UVA Health joins nationwide study examining ivermectin as COVID-19 treatment
The University of Virginia Health System has joined a nationwide clinical study to evaluate ivermectin and fluvoxamine as possible treatments for mild-to-moderate COVID-19.
The study, called ACTIV-6, is funded by the National Institutes of Health and seeks to determine whether cheap, widely available, and FDA-approved drugs can be repurposed to treat the coronavirus. Researchers are testing several medications including ivermectin, an anti-parasitic drug that some claim is an effective early treatment or prophylaxis for COVID-19.
The FDA has repeatedly warned against using ivermectin as a COVID-19 therapeutic, along with the World Health Organization, the European Union's drug regulators, and the drug's manufacturer Merck. But some doctors in the U.S. and medical freedom advocates have demanded a right to try ivermectin and other unproven drugs to treat COVID-19, claiming some coronavirus patients have shown improvement after taking those off-label medications.
Patrick E. H. Jackson, MD, the principal investigator for the ACTIV-6 clinical trial at UVA Health, is hopeful that the study will provide "conclusive answers about drugs like ivermectin and fluvoxamine for the treatment of mild-moderate COVID-19."
"While the monoclonal antibodies and nirmatrelvir-ritonavir (Paxlovid) are wonderful to have, there is a clear need for more (and more broadly available) drugs to help patients around the world," Jackson told TheBlaze.
He explained that the ACTIV6 study includes participants who have mild to moderate COVID-19 symptoms and who are within seven days of the onset of symptoms. The study is a double-blind placebo controlled trial. COVID-19 Patients will be given a random drug or a placebo and researchers will collect information from them on the duration of their symptoms, as well as whether they are required to go to the hospital.
Most of the participants will be at home and will complete questionnaires to report their condition.
Previous studies examining ivermectin as a COVID-19 treatment have failed to prove it is an effective treatment. While laboratory studies show that ivermectin appears to have an anti-viral effect against COVID-19 and some early clinical trials seemed to support its use as a COVID-19 treatment, doctors and public health experts have identified serious errors in methodology in many of those studies.
An investigative report by the BBC found that more than a third of 26 major trials with ivermectin against COVID-19 had "serious errors or signs of potential fraud," and that the remaining studies did not show it was effective as a treatment for COVID.
More widely accepted studies do not support the use of ivermectin for patients with COVID-19.
Some proponents of ivermectin as a COVID-19 treatment have championed a more recent peer-reviewed study that concluded "regular use of ivermectin as a prophylactic agent was associated with significantly reduced COVID-19 infection, hospitalization, and mortality rates," based on an observational study of 159,561 residents ages 18 and over in Itajaí, Brazil.
A group called the Front Line COVID-19 Critical Care Alliance touted the study as the "world's largest study of ivermectin."
According to the study's authors, between July 7, 2020, and Dec. 2, 2020, 113,845 participants of a citywide program opted to take ivermectin while 45,716 did not.
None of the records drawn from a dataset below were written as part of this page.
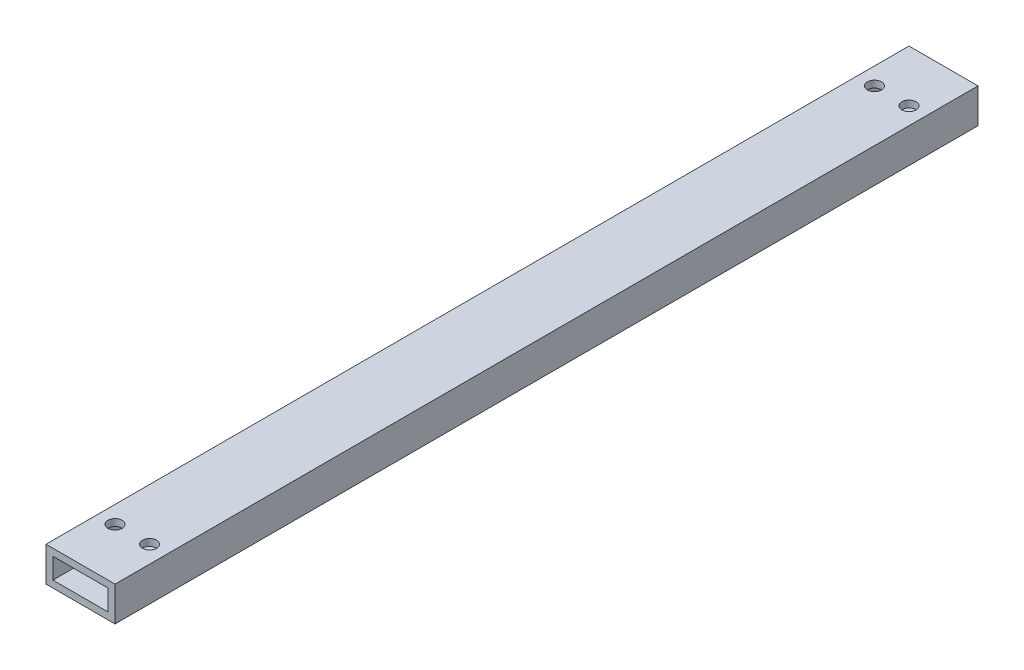
ISO-10303-21;
HEADER;
FILE_DESCRIPTION(('STEP AP214'),'2;1');
FILE_NAME('part.step','',(''),(''),'','','');
FILE_SCHEMA(('AUTOMOTIVE_DESIGN { 1 0 10303 214 1 1 1 1 }'));
ENDSEC;
DATA;
#1=APPLICATION_CONTEXT('core data for automotive mechanical design processes');
#2=APPLICATION_PROTOCOL_DEFINITION('international standard','automotive_design',2000,#1);
#3=PRODUCT_CONTEXT('',#1,'mechanical');
#4=PRODUCT('Part','Part','',(#3));
#5=PRODUCT_RELATED_PRODUCT_CATEGORY('part','',(#4));
#6=PRODUCT_DEFINITION_FORMATION('','',#4);
#7=PRODUCT_DEFINITION_CONTEXT('part definition',#1,'design');
#8=PRODUCT_DEFINITION('design','',#6,#7);
#9=PRODUCT_DEFINITION_SHAPE('','',#8);
#10=(LENGTH_UNIT() NAMED_UNIT(*) SI_UNIT(.MILLI.,.METRE.));
#11=(NAMED_UNIT(*) PLANE_ANGLE_UNIT() SI_UNIT($,.RADIAN.));
#12=(NAMED_UNIT(*) SI_UNIT($,.STERADIAN.) SOLID_ANGLE_UNIT());
#13=UNCERTAINTY_MEASURE_WITH_UNIT(LENGTH_MEASURE(1.E-05),#10,'distance_accuracy_value','');
#14=(GEOMETRIC_REPRESENTATION_CONTEXT(3) GLOBAL_UNCERTAINTY_ASSIGNED_CONTEXT((#13)) GLOBAL_UNIT_ASSIGNED_CONTEXT((#10,
#11,#12)) REPRESENTATION_CONTEXT('',''));
#15=CARTESIAN_POINT('',(0.,0.,0.));
#16=DIRECTION('',(0.,0.,1.));
#17=DIRECTION('',(1.,0.,0.));
#18=AXIS2_PLACEMENT_3D('',#15,#16,#17);
#19=CARTESIAN_POINT('',(0.,0.,125.));
#20=DIRECTION('',(0.,0.,1.));
#21=DIRECTION('',(1.,0.,0.));
#22=AXIS2_PLACEMENT_3D('',#19,#20,#21);
#23=PLANE('',#22);
#24=DIRECTION('',(0.,1.,0.));
#25=VECTOR('',#24,1.);
#26=CARTESIAN_POINT('',(10.0367537285158,5.03823934953629,125.));
#27=LINE('',#26,#25);
#28=CARTESIAN_POINT('',(10.0367537285158,-4.96176065046371,125.));
#29=VERTEX_POINT('',#28);
#30=CARTESIAN_POINT('',(10.0367537285158,5.03823934953629,125.));
#31=VERTEX_POINT('',#30);
#32=EDGE_CURVE('E146',#29,#31,#27,.T.);
#33=ORIENTED_EDGE('',*,*,#32,.T.);
#34=DIRECTION('',(-1.,0.,0.));
#35=VECTOR('',#34,1.);
#36=CARTESIAN_POINT('',(-9.96324627148418,5.03823934953629,125.));
#37=LINE('',#36,#35);
#38=CARTESIAN_POINT('',(-9.96324627148418,5.03823934953629,125.));
#39=VERTEX_POINT('',#38);
#40=EDGE_CURVE('E149',#31,#39,#37,.T.);
#41=ORIENTED_EDGE('',*,*,#40,.T.);
#42=DIRECTION('',(0.,-1.,0.));
#43=VECTOR('',#42,1.);
#44=CARTESIAN_POINT('',(-9.96324627148418,5.03823934953629,125.));
#45=LINE('',#44,#43);
#46=CARTESIAN_POINT('',(-9.96324627148418,-4.96176065046371,125.));
#47=VERTEX_POINT('',#46);
#48=EDGE_CURVE('E152',#39,#47,#45,.T.);
#49=ORIENTED_EDGE('',*,*,#48,.T.);
#50=DIRECTION('',(1.,0.,0.));
#51=VECTOR('',#50,1.);
#52=CARTESIAN_POINT('',(-9.96324627148418,-4.96176065046371,125.));
#53=LINE('',#52,#51);
#54=EDGE_CURVE('E154',#47,#29,#53,.T.);
#55=ORIENTED_EDGE('',*,*,#54,.T.);
#56=EDGE_LOOP('',(#33,#41,#49,#55));
#57=FACE_BOUND('',#56,.T.);
#58=DIRECTION('',(-1.,0.,0.));
#59=VECTOR('',#58,1.);
#60=CARTESIAN_POINT('',(-7.96324627148418,3.03823934953629,125.));
#61=LINE('',#60,#59);
#62=CARTESIAN_POINT('',(8.03675372851582,3.03823934953629,125.));
#63=VERTEX_POINT('',#62);
#64=CARTESIAN_POINT('',(-7.96324627148418,3.03823934953629,125.));
#65=VERTEX_POINT('',#64);
#66=EDGE_CURVE('E116',#63,#65,#61,.T.);
#67=ORIENTED_EDGE('',*,*,#66,.F.);
#68=DIRECTION('',(0.,1.,0.));
#69=VECTOR('',#68,1.);
#70=CARTESIAN_POINT('',(8.03675372851582,3.03823934953629,125.));
#71=LINE('',#70,#69);
#72=CARTESIAN_POINT('',(8.03675372851582,-2.96176065046371,125.));
#73=VERTEX_POINT('',#72);
#74=EDGE_CURVE('E108',#73,#63,#71,.T.);
#75=ORIENTED_EDGE('',*,*,#74,.F.);
#76=DIRECTION('',(1.,0.,0.));
#77=VECTOR('',#76,1.);
#78=CARTESIAN_POINT('',(-7.96324627148418,-2.96176065046371,125.));
#79=LINE('',#78,#77);
#80=CARTESIAN_POINT('',(-7.96324627148418,-2.96176065046371,125.));
#81=VERTEX_POINT('',#80);
#82=EDGE_CURVE('E130',#81,#73,#79,.T.);
#83=ORIENTED_EDGE('',*,*,#82,.F.);
#84=DIRECTION('',(0.,-1.,0.));
#85=VECTOR('',#84,1.);
#86=CARTESIAN_POINT('',(-7.96324627148418,3.03823934953629,125.));
#87=LINE('',#86,#85);
#88=EDGE_CURVE('E128',#65,#81,#87,.T.);
#89=ORIENTED_EDGE('',*,*,#88,.F.);
#90=EDGE_LOOP('',(#67,#75,#83,#89));
#91=FACE_BOUND('',#90,.T.);
#92=ADVANCED_FACE('F41',(#57,#91),#23,.T.);
#93=CARTESIAN_POINT('',(0.,0.,-125.));
#94=DIRECTION('',(0.,0.,1.));
#95=DIRECTION('',(1.,0.,0.));
#96=AXIS2_PLACEMENT_3D('',#93,#94,#95);
#97=PLANE('',#96);
#98=DIRECTION('',(0.,1.,0.));
#99=VECTOR('',#98,1.);
#100=CARTESIAN_POINT('',(10.0367537285158,5.03823934953629,-125.));
#101=LINE('',#100,#99);
#102=CARTESIAN_POINT('',(10.0367537285158,-4.96176065046371,-125.));
#103=VERTEX_POINT('',#102);
#104=CARTESIAN_POINT('',(10.0367537285158,5.03823934953629,-125.));
#105=VERTEX_POINT('',#104);
#106=EDGE_CURVE('E124',#103,#105,#101,.T.);
#107=ORIENTED_EDGE('',*,*,#106,.F.);
#108=DIRECTION('',(1.,0.,0.));
#109=VECTOR('',#108,1.);
#110=CARTESIAN_POINT('',(-9.96324627148418,-4.96176065046371,-125.));
#111=LINE('',#110,#109);
#112=CARTESIAN_POINT('',(-9.96324627148418,-4.96176065046371,-125.));
#113=VERTEX_POINT('',#112);
#114=EDGE_CURVE('E150',#113,#103,#111,.T.);
#115=ORIENTED_EDGE('',*,*,#114,.F.);
#116=DIRECTION('',(0.,-1.,0.));
#117=VECTOR('',#116,1.);
#118=CARTESIAN_POINT('',(-9.96324627148418,5.03823934953629,-125.));
#119=LINE('',#118,#117);
#120=CARTESIAN_POINT('',(-9.96324627148418,5.03823934953629,-125.));
#121=VERTEX_POINT('',#120);
#122=EDGE_CURVE('E161',#121,#113,#119,.T.);
#123=ORIENTED_EDGE('',*,*,#122,.F.);
#124=DIRECTION('',(-1.,0.,0.));
#125=VECTOR('',#124,1.);
#126=CARTESIAN_POINT('',(-9.96324627148418,5.03823934953629,-125.));
#127=LINE('',#126,#125);
#128=EDGE_CURVE('E159',#105,#121,#127,.T.);
#129=ORIENTED_EDGE('',*,*,#128,.F.);
#130=EDGE_LOOP('',(#107,#115,#123,#129));
#131=FACE_BOUND('',#130,.T.);
#132=DIRECTION('',(0.,1.,0.));
#133=VECTOR('',#132,1.);
#134=CARTESIAN_POINT('',(8.03675372851582,3.03823934953629,-125.));
#135=LINE('',#134,#133);
#136=CARTESIAN_POINT('',(8.03675372851582,-2.96176065046371,-125.));
#137=VERTEX_POINT('',#136);
#138=CARTESIAN_POINT('',(8.03675372851582,3.03823934953629,-125.));
#139=VERTEX_POINT('',#138);
#140=EDGE_CURVE('E66',#137,#139,#135,.T.);
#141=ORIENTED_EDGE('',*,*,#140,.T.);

Researchers found that 3.7% of the group that took ivermectin tested positive for coronavirus while 6.6% of those that didn't take ivermectin tested positive.
The study's authors claimed that after adjusting for variables, there was a 67% reduction in COVID-19 hospitalizations and a 70% reduction in the mortality rate for ivermectin users.
Though those results appear to be good news, experts that did not participate in the study criticized its methodology.
Dr. Jackson noted that the Brazil study was a non-randomized observational study. "Such studies can really only ever be hypothesis generating - that is they can raise interesting questions to be studied further, but can't show a causal relationship between an intervention and an outcome (in that case, ivermectin and COVID infection/hospitalization/mortality)," he said.
"I'm very hopeful that trials like ACTIV6 and COVID-OUT will give us conclusive answers about drugs like ivermectin and fluvoxamine for the treatment of mild-moderate COVID-19," he added.